An AI system trained to read mouse liver slides can flag toxic tissue damage — including pathology types it has never seen before — with a false negative rate of just 0.16 percent.
Researchers built the framework around a fine-tuned Vision Transformer (DINOv2), adapted using Low-Rank Adaptation (LoRA) and trained on a newly assembled dataset of pixel-annotated rodent liver slides. Once trained, the system classifies tissue at the pixel level and uses Mahalanobis distance — a statistical measure of how far a data point sits from a known distribution — to flag samples that fall outside its training categories. That out-of-distribution capability matters: the model was tested on apoptosis and staining artifacts, two tissue states it had never been trained on, and still correctly identified 89.38 percent of those novel findings.

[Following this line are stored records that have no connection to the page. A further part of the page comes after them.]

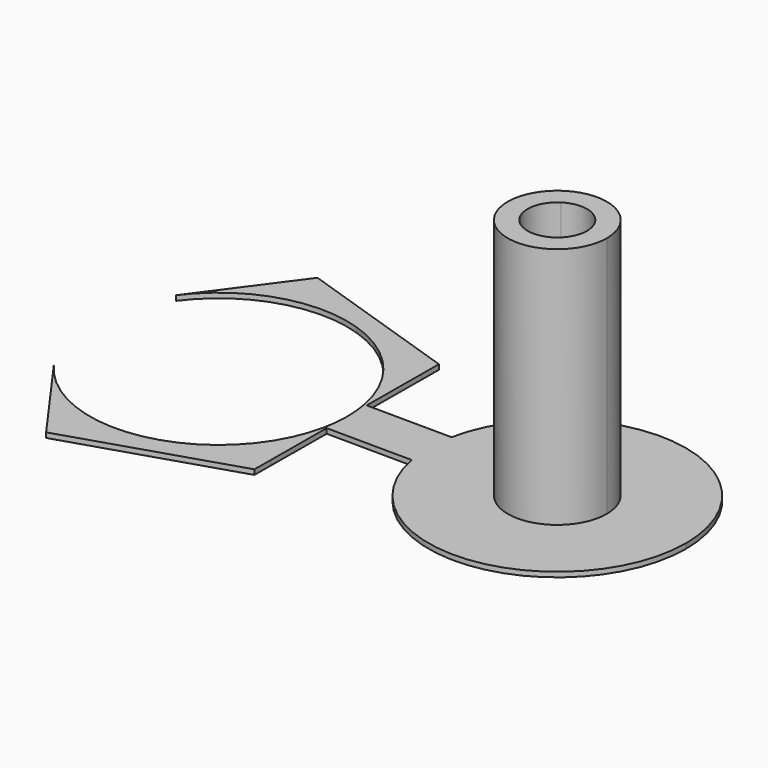
from build123d import *

# Parameters (mm, degrees)
F1_DEPTH = 0.5
F2_DEPTH = 25
F3_R     = 2.9
F4_DEPTH = 0.501
F6_DEPTH = 0.5


# Not quite as in the source:
# - a feature names something its author has since deleted; it is built from what else it names


with BuildPart() as f1:
    # F0 (on Top) → F1 (new body)
    with BuildSketch(Plane.XY):
        with BuildLine():
            Line((4.0961373656, 12.3378141776), (-4.8678095704, 15.3138321001))
            Line((-4.8678095704, 15.3138321001), (-10.4681826882, 7.7082521499))
            ThreePointArc((-10.4681826882, 7.7082521499), (-3.9381406197, 12.3891504333), (4.0961373656, 12.3378141776))
        make_face()
    extrude(amount=F1_DEPTH)



with BuildPart() as f1b:
    # F0 (on Top) → F1, piece 2 (new body)
    with BuildSketch(Plane.XY):
        with BuildLine():
            Line((13.0600839256, 9.36179638), (4.0961373656, 12.3378141776))
            ThreePointArc((4.0961373656, 12.3378141776), (9.7852826172, 8.5585188031), (12.7733744664, 2.41679638))
            Line((12.7733744664, 2.41679638), (13.01569776, 2.4152179267))
            Line((13.01569776, 2.4152179267), (13.0600839256, 9.36179638))
        make_face()
        with BuildLine():
            Line((13.01569776, 2.4152179267), (12.7733744664, 2.41679638))
            ThreePointArc((12.7733744664, 2.41679638), (12.9432196161, 1.2136992909), (13, 0))
            ThreePointArc((13, 0), (12.9999336569, -0.0415321088), (12.9997346283, -0.0830637936))
            Line((12.9997346283, -0.0830637936), (13.01569776, 2.4152179267))
        make_face()
        with BuildLine():
            Line((21.6332001204, 2.3590849609), (13.01569776, 2.4152179267))
            Line((13.01569776, 2.4152179267), (12.9997346283, -0.0830637936))
            Line((12.9997346283, -0.0830637936), (12.9837495259, -2.5847840032))
            Line((12.9837495259, -2.5847840032), (21.6006561013, -2.640828477))
            ThreePointArc((21.6006561013, -2.640828477), (21.374282177, -0.1392923959), (21.6332001204, 2.3590849609))
        make_face()
        with BuildLine():
            ThreePointArc((12.7407636764, -2.58320362), (9.6739656437, -8.6841458259), (3.9381407553, -12.3891503902))
            Line((3.9381407553, -12.3891503902), (12.9393853324, -9.5279237416))
            Line((12.9393853324, -9.5279237416), (12.9837495259, -2.5847840032))
            Line((12.9837495259, -2.5847840032), (12.7407636764, -2.58320362))
        make_face()
        with BuildLine():
            Line((12.9837495259, -2.5847840032), (12.9997346283, -0.0830637936))
            ThreePointArc((12.9997346283, -0.0830637936), (12.9308154434, -1.3394073199), (12.7407636764, -2.58320362))
            Line((12.7407636764, -2.58320362), (12.9837495259, -2.5847840032))
        make_face()
        with BuildLine():
            ThreePointArc((47.3740068068, -0.2239065181), (35.6719885241, 12.7111328503), (21.6332001204, 2.3590849609))
            Line((21.6332001204, 2.3590849609), (30.0602249194, 2.304192734))
            ThreePointArc((30.0602249194, 2.304192734), (35.6837950651, 4.6014903276), (39.3740068068, -0.2239065181))
            ThreePointArc((39.3740068068, -0.2239065181), (35.6523599398, -5.0577262569), (30.0276814999, -2.6956379611))
            Line((30.0276814999, -2.6956379611), (21.6006561013, -2.640828477))
            ThreePointArc((21.6006561013, -2.640828477), (35.5877697221, -13.1671201679), (47.3740068068, -0.2239065181))
        make_face()
        with BuildLine():
            Line((30.0602249194, 2.304192734), (21.6332001204, 2.3590849609))
            ThreePointArc((21.6332001204, 2.3590849609), (21.374282177, -0.1392923959), (21.6006561013, -2.640828477))
            Line((21.6006561013, -2.640828477), (30.0276814999, -2.6956379611))
            ThreePointArc((30.0276814999, -2.6956379611), (29.374112718, -0.1913626859), (30.0602249194, 2.304192734))
        make_face()
        with BuildLine():
            Line((32.7319335315, 2.286789672), (30.0602249194, 2.304192734))
            ThreePointArc((30.0602249194, 2.304192734), (29.374112718, -0.1913626859), (30.0276814999, -2.6956379611))
            Line((30.0276814999, -2.6956379611), (32.6993904313, -2.7130147911))
            ThreePointArc((32.6993904313, -2.7130147911), (31.3740703529, -0.2043803079), (32.7319335315, 2.286789672))
        make_face()
        with BuildLine():
            ThreePointArc((37.3740068068, -0.2239065181), (35.80120339, 2.4148640125), (32.7319335315, 2.286789672))
            Line((32.7319335315, 2.286789672), (34.3740068068, 2.2760934819))
            Line((34.3740068068, 2.2760934819), (34.3740068068, -2.7239065181))
            Line((34.3740068068, -2.7239065181), (32.6993904313, -2.7130147911))
            ThreePointArc((32.6993904313, -2.7130147911), (35.7839980964, -2.8719104009), (37.3740068068, -0.2239065181))
        make_face()
        with BuildLine():
            Line((34.3740068068, 2.2760934819), (32.7319335315, 2.286789672))
            ThreePointArc((32.7319335315, 2.286789672), (31.3740703529, -0.2043803079), (32.6993904313, -2.7130147911))
            Line((32.6993904313, -2.7130147911), (34.3740068068, -2.7239065181))
            Line((34.3740068068, -2.7239065181), (34.3740068068, 2.2760934819))
        make_face()
    extrude(amount=F1_DEPTH)

    # F0 (on Top) → F2 (join)
    with BuildSketch(Plane.XY):
        with BuildLine():
            ThreePointArc((39.3740068068, -0.2239065181), (35.6837950651, 4.6014903276), (30.0602249194, 2.304192734))
            Line((30.0602249194, 2.304192734), (32.7319335315, 2.286789672))
            ThreePointArc((32.7319335315, 2.286789672), (35.80120339, 2.4148640125), (37.3740068068, -0.2239065181))
            ThreePointArc((37.3740068068, -0.2239065181), (35.7839980964, -2.8719104009), (32.6993904313, -2.7130147911))
            Line((32.6993904313, -2.7130147911), (30.0276814999, -2.6956379611))
            ThreePointArc((30.0276814999, -2.6956379611), (35.6523599398, -5.0577262569), (39.3740068068, -0.2239065181))
        make_face()
        with BuildLine():
            Line((32.7319335315, 2.286789672), (30.0602249194, 2.304192734))
            ThreePointArc((30.0602249194, 2.304192734), (29.374112718, -0.1913626859), (30.0276814999, -2.6956379611))
            Line((30.0276814999, -2.6956379611), (32.6993904313, -2.7130147911))
            ThreePointArc((32.6993904313, -2.7130147911), (31.3740703529, -0.2043803079), (32.7319335315, 2.286789672))
        make_face()
    extrude(amount=F2_DEPTH)

    # F3 (on face) → F4 (cut, through all)
    with BuildSketch(Plane.XY.offset(0.5)):
        with Locations((34.3740068068, -0.2239065181)):
            Circle(F3_R)
    extrude(amount=-F4_DEPTH, mode=Mode.SUBTRACT)


with BuildPart() as f1c:
    # F0 (on Top) → F1, piece 3 (new body)
    with BuildSketch(Plane.XY):
        with BuildLine():
            ThreePointArc((3.9381407553, -12.3891503902), (-4.096137147, -12.3378142502), (-10.5658298597, -7.5738523471))
            Line((-10.5658298597, -7.5738523471), (-5.0631039967, -15.2503770945))
            Line((-5.0631039967, -15.2503770945), (3.9381407553, -12.3891503902))
        make_face()
    extrude(amount=F1_DEPTH)


with BuildPart() as f1_1:
    add(f1.part)

    add(f1b.part)  # F6 merges F1b

    add(f1c.part)  # F6 merges F1c
    # F5 (on face) → F6 (join, through all)
    with BuildSketch(Plane.XY):
        Polygon((-4.8678095704, 15.3138321001), (4.0961371776, 12.3378142401), (13.0600839256, 9.36179638), (13.0735205907, 11.4646779011), (-3.6208963346, 17.0072011144), align=None)
        Polygon((-5.0631039967, -15.2503770945), (-3.8421437919, -16.9585881221), (12.9230595755, -11.6340152664), (12.9393853324, -9.5279237416), (3.9381406679, -12.389150418), align=None)
    extrude(amount=F6_DEPTH)


solid = f1_1.part

Drug-induced toxicity is one of the most common reasons compounds fail in preclinical and early clinical trials, and the current standard — expert pathologist review of histopathology slides — does not scale to the volume of candidates that modern drug pipelines generate. A system that can screen whole-slide images automatically, and that errs decisively on the side of not missing lesions, could shrink both the time and cost of that bottleneck.
The results are a proof of concept on mouse liver tissue, not a cleared clinical tool, and rodent slides are a narrower domain than the full range of tissues and species a drug development program touches — but the architecture's ability to generalize to unseen pathology types is the detail worth watching.